→ **WHAT YOU HAVE TO DO**
What is needed is every line of the data that includes the word "CIRCLE". Please copy each one.

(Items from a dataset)
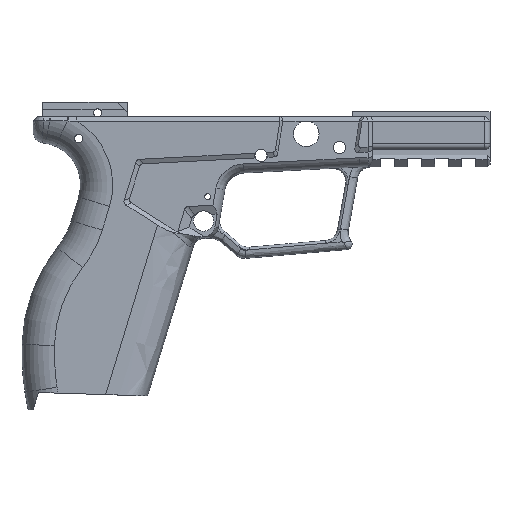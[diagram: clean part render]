
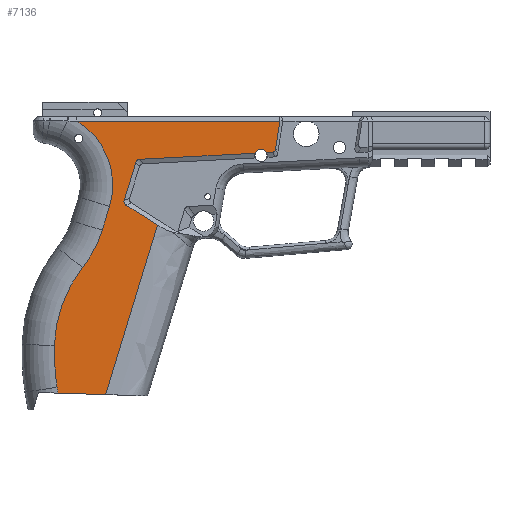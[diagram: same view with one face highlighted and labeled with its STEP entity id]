
A CAD part, left-side view. The second image highlights one B-rep face of the part: STEP entity #7136.
In plain terms, the highlighted planar face has unit normal (-1, 0, 0).
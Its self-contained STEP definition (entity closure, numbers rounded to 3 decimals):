
#132=B_SPLINE_CURVE_WITH_KNOTS('',3,(#11464,#11465,#11466,#11467),
 .UNSPECIFIED.,.F.,.F.,(4,4),(-3.646,2.394),
 .UNSPECIFIED.);
#133=B_SPLINE_CURVE_WITH_KNOTS('',3,(#11469,#11470,#11471,#11472),
 .UNSPECIFIED.,.F.,.F.,(4,4),(3.646,4.169),
 .UNSPECIFIED.);
#597=LINE('',#10899,#1323);
#666=LINE('',#11446,#1392);
#668=LINE('',#11452,#1394);
#669=LINE('',#11462,#1395);
#670=LINE('',#11474,#1396);
#671=LINE('',#11478,#1397);
#672=LINE('',#11482,#1398);
#673=LINE('',#11486,#1399);
#1323=VECTOR('',#8625,10.);
#1392=VECTOR('',#8754,10.);
#1394=VECTOR('',#8760,10.);
#1395=VECTOR('',#8769,10.);
#1396=VECTOR('',#8770,10.);
#1397=VECTOR('',#8773,10.);
#1398=VECTOR('',#8776,10.);
#1399=VECTOR('',#8779,10.);
#1788=PLANE('',#7584);
#1937=ELLIPSE('',#7590,7.191,3.);
#1938=ELLIPSE('',#7591,7.017,3.);
#1939=ELLIPSE('',#7593,4.209,2.);
#2162=FACE_OUTER_BOUND('',#2556,.T.);
#2556=EDGE_LOOP('',(#5604,#5605,#5606,#5607,#5608,#5609,#5610,#5611,#5612,
#5613,#5614,#5615,#5616,#5617,#5618,#5619,#5620,#5621,#5622));
#2875=CIRCLE('',#7585,27.5);
#2876=CIRCLE('',#7586,42.);
#2877=CIRCLE('',#7587,48.221);
#2878=CIRCLE('',#7588,89.716);
#2879=CIRCLE('',#7589,98.505);
#2880=CIRCLE('',#7592,2.25);
#3367=VERTEX_POINT('',#10896);
#3368=VERTEX_POINT('',#10898);
#3437=VERTEX_POINT('',#11445);
#3438=VERTEX_POINT('',#11449);
#3439=VERTEX_POINT('',#11451);
#3440=VERTEX_POINT('',#11453);
#3441=VERTEX_POINT('',#11455);
#3442=VERTEX_POINT('',#11457);
#3443=VERTEX_POINT('',#11459);
#3444=VERTEX_POINT('',#11461);
#3445=VERTEX_POINT('',#11463);
#3446=VERTEX_POINT('',#11468);
#3447=VERTEX_POINT('',#11473);
#3448=VERTEX_POINT('',#11475);
#3449=VERTEX_POINT('',#11477);
#3450=VERTEX_POINT('',#11479);
#3451=VERTEX_POINT('',#11481);
#3452=VERTEX_POINT('',#11483);
#3453=VERTEX_POINT('',#11485);
#4154=EDGE_CURVE('',#3367,#3368,#597,.T.);
#4256=EDGE_CURVE('',#3437,#3368,#666,.T.);
#4258=EDGE_CURVE('',#3438,#3367,#2875,.T.);
#4259=EDGE_CURVE('',#3439,#3438,#668,.T.);
#4260=EDGE_CURVE('',#3440,#3439,#2876,.T.);
#4261=EDGE_CURVE('',#3441,#3440,#2877,.T.);
#4262=EDGE_CURVE('',#3442,#3441,#2878,.T.);
#4263=EDGE_CURVE('',#3443,#3442,#2879,.T.);
#4264=EDGE_CURVE('',#3443,#3444,#669,.T.);
#4265=EDGE_CURVE('',#3445,#3444,#132,.T.);
#4266=EDGE_CURVE('',#3445,#3446,#133,.T.);
#4267=EDGE_CURVE('',#3446,#3447,#670,.T.);
#4268=EDGE_CURVE('',#3448,#3447,#1937,.T.);
#4269=EDGE_CURVE('',#3448,#3449,#671,.T.);
#4270=EDGE_CURVE('',#3450,#3449,#1938,.T.);
#4271=EDGE_CURVE('',#3450,#3451,#672,.T.);
#4272=EDGE_CURVE('',#3451,#3452,#2880,.T.);
#4273=EDGE_CURVE('',#3452,#3453,#673,.T.);
#4274=EDGE_CURVE('',#3437,#3453,#1939,.T.);
#5604=ORIENTED_EDGE('',*,*,#4154,.F.);
#5605=ORIENTED_EDGE('',*,*,#4258,.F.);
#5606=ORIENTED_EDGE('',*,*,#4259,.F.);
#5607=ORIENTED_EDGE('',*,*,#4260,.F.);
#5608=ORIENTED_EDGE('',*,*,#4261,.F.);
#5609=ORIENTED_EDGE('',*,*,#4262,.F.);
#5610=ORIENTED_EDGE('',*,*,#4263,.F.);
#5611=ORIENTED_EDGE('',*,*,#4264,.T.);
#5612=ORIENTED_EDGE('',*,*,#4265,.F.);
#5613=ORIENTED_EDGE('',*,*,#4266,.T.);
#5614=ORIENTED_EDGE('',*,*,#4267,.T.);
#5615=ORIENTED_EDGE('',*,*,#4268,.F.);
#5616=ORIENTED_EDGE('',*,*,#4269,.T.);
#5617=ORIENTED_EDGE('',*,*,#4270,.F.);
#5618=ORIENTED_EDGE('',*,*,#4271,.T.);
#5619=ORIENTED_EDGE('',*,*,#4272,.T.);
#5620=ORIENTED_EDGE('',*,*,#4273,.T.);
#5621=ORIENTED_EDGE('',*,*,#4274,.F.);
#5622=ORIENTED_EDGE('',*,*,#4256,.T.);
#7136=ADVANCED_FACE('',(#2162),#1788,.F.);
#7584=AXIS2_PLACEMENT_3D('',#11448,#8756,#8757);
#7585=AXIS2_PLACEMENT_3D('',#11450,#8758,#8759);
#7586=AXIS2_PLACEMENT_3D('',#11454,#8761,#8762);
#7587=AXIS2_PLACEMENT_3D('',#11456,#8763,#8764);
#7588=AXIS2_PLACEMENT_3D('',#11458,#8765,#8766);
#7589=AXIS2_PLACEMENT_3D('',#11460,#8767,#8768);
#7590=AXIS2_PLACEMENT_3D('',#11476,#8771,#8772);
#7591=AXIS2_PLACEMENT_3D('',#11480,#8774,#8775);
#7592=AXIS2_PLACEMENT_3D('',#11484,#8777,#8778);
#7593=AXIS2_PLACEMENT_3D('',#11487,#8780,#8781);
#8625=DIRECTION('',(0.,-1.,0.));
#8754=DIRECTION('',(0.,-0.156,0.988));
#8756=DIRECTION('center_axis',(1.,0.,0.));
#8757=DIRECTION('ref_axis',(0.,1.,0.));
#8758=DIRECTION('center_axis',(-1.,0.,0.));
#8759=DIRECTION('ref_axis',(0.,-0.853,0.522));
#8760=DIRECTION('',(0.,-0.292,0.956));
#8761=DIRECTION('center_axis',(-1.,0.,0.));
#8762=DIRECTION('ref_axis',(0.,-0.885,-0.465));
#8763=DIRECTION('center_axis',(1.,0.,0.));
#8764=DIRECTION('ref_axis',(0.,0.94,0.341));
#8765=DIRECTION('center_axis',(1.,0.,0.));
#8766=DIRECTION('ref_axis',(0.,0.998,-0.062));
#8767=DIRECTION('center_axis',(1.,0.,0.));
#8768=DIRECTION('ref_axis',(0.,0.984,-0.178));
#8769=DIRECTION('',(0.,-1.,-0.031));
#8770=DIRECTION('',(0.,0.845,0.535));
#8771=DIRECTION('center_axis',(-1.,0.,0.));
#8772=DIRECTION('ref_axis',(0.,0.938,-0.348));
#8773=DIRECTION('',(0.,-0.292,0.956));
#8774=DIRECTION('center_axis',(-1.,0.,0.));
#8775=DIRECTION('ref_axis',(0.,0.616,0.788));
#8776=DIRECTION('',(0.,-0.999,0.052));
#8777=DIRECTION('center_axis',(1.,0.,0.));
#8778=DIRECTION('ref_axis',(0.,-1.,0.));
#8779=DIRECTION('',(0.,-0.999,0.052));
#8780=DIRECTION('center_axis',(1.,0.,0.));
#8781=DIRECTION('ref_axis',(0.,-0.402,-0.916));
#10896=CARTESIAN_POINT('',(-15.125,68.451,86.));
#10898=CARTESIAN_POINT('',(-15.125,-6.762,86.));
#10899=CARTESIAN_POINT('',(-15.125,43.308,86.));
#11445=CARTESIAN_POINT('',(-15.125,-5.136,75.729));
#11446=CARTESIAN_POINT('',(-15.125,-1.434,52.36));
#11448=CARTESIAN_POINT('Origin',(-15.125,2.116,33.29));
#11449=CARTESIAN_POINT('',(-15.125,56.317,54.388));
#11450=CARTESIAN_POINT('Origin',(-15.125,82.616,62.429));
#11451=CARTESIAN_POINT('',(-15.125,59.011,45.577));
#11452=CARTESIAN_POINT('',(-15.125,59.214,44.913));
#11453=CARTESIAN_POINT('',(-15.125,66.274,31.751));
#11454=CARTESIAN_POINT('Origin',(-15.125,99.176,57.856));
#11455=CARTESIAN_POINT('',(-15.125,76.705,2.957));
#11456=CARTESIAN_POINT('Origin',(-15.125,28.499,1.78));
#11457=CARTESIAN_POINT('',(-15.125,75.74,-12.541));
#11458=CARTESIAN_POINT('Origin',(-15.125,-12.983,0.767));
#11459=CARTESIAN_POINT('',(-15.125,75.39,-14.705));
#11460=CARTESIAN_POINT('Origin',(-15.125,-21.675,2.071));
#11461=CARTESIAN_POINT('',(-15.125,57.743,-15.261));
#11462=CARTESIAN_POINT('',(-15.125,42.207,-15.75));
#11463=CARTESIAN_POINT('',(-15.125,40.084,42.5));
#11464=CARTESIAN_POINT('Ctrl Pts',(-15.125,40.084,42.5));
#11465=CARTESIAN_POINT('Ctrl Pts',(-15.125,45.97,23.246));
#11466=CARTESIAN_POINT('Ctrl Pts',(-15.125,51.856,3.993));
#11467=CARTESIAN_POINT('Ctrl Pts',(-15.125,57.743,-15.261));
#11468=CARTESIAN_POINT('',(-15.125,38.555,47.5));
#11469=CARTESIAN_POINT('Ctrl Pts',(-15.125,40.084,42.5));
#11470=CARTESIAN_POINT('Ctrl Pts',(-15.125,39.574,44.167));
#11471=CARTESIAN_POINT('Ctrl Pts',(-15.125,39.065,45.833));
#11472=CARTESIAN_POINT('Ctrl Pts',(-15.125,38.555,47.5));
#11473=CARTESIAN_POINT('',(-15.125,50.264,54.908));
#11474=CARTESIAN_POINT('',(-15.125,28.672,41.247));
#11475=CARTESIAN_POINT('',(-15.125,50.896,56.614));
#11476=CARTESIAN_POINT('Origin',(-15.125,44.155,58.143));
#11477=CARTESIAN_POINT('',(-15.125,46.568,70.773));
#11478=CARTESIAN_POINT('',(-15.125,49.754,60.35));
#11479=CARTESIAN_POINT('',(-15.125,45.212,71.832));
#11480=CARTESIAN_POINT('Origin',(-15.125,41.751,66.005));
#11481=CARTESIAN_POINT('',(-15.125,2.342,74.079));
#11482=CARTESIAN_POINT('',(-15.125,-20.801,75.292));
#11483=CARTESIAN_POINT('',(-15.125,-1.744,74.293));
#11484=CARTESIAN_POINT('Origin',(-15.125,0.25,73.25));
#11485=CARTESIAN_POINT('',(-15.125,-4.028,74.413));
#11486=CARTESIAN_POINT('',(-15.125,-20.801,75.292));
#11487=CARTESIAN_POINT('Origin',(-15.125,-2.687,78.348));

→ **FINISHED EXERCISE**
#2875=CIRCLE('',#7585,27.5);
#2876=CIRCLE('',#7586,42.);
#2877=CIRCLE('',#7587,48.221);
#2878=CIRCLE('',#7588,89.716);
#2879=CIRCLE('',#7589,98.505);
#2880=CIRCLE('',#7592,2.25);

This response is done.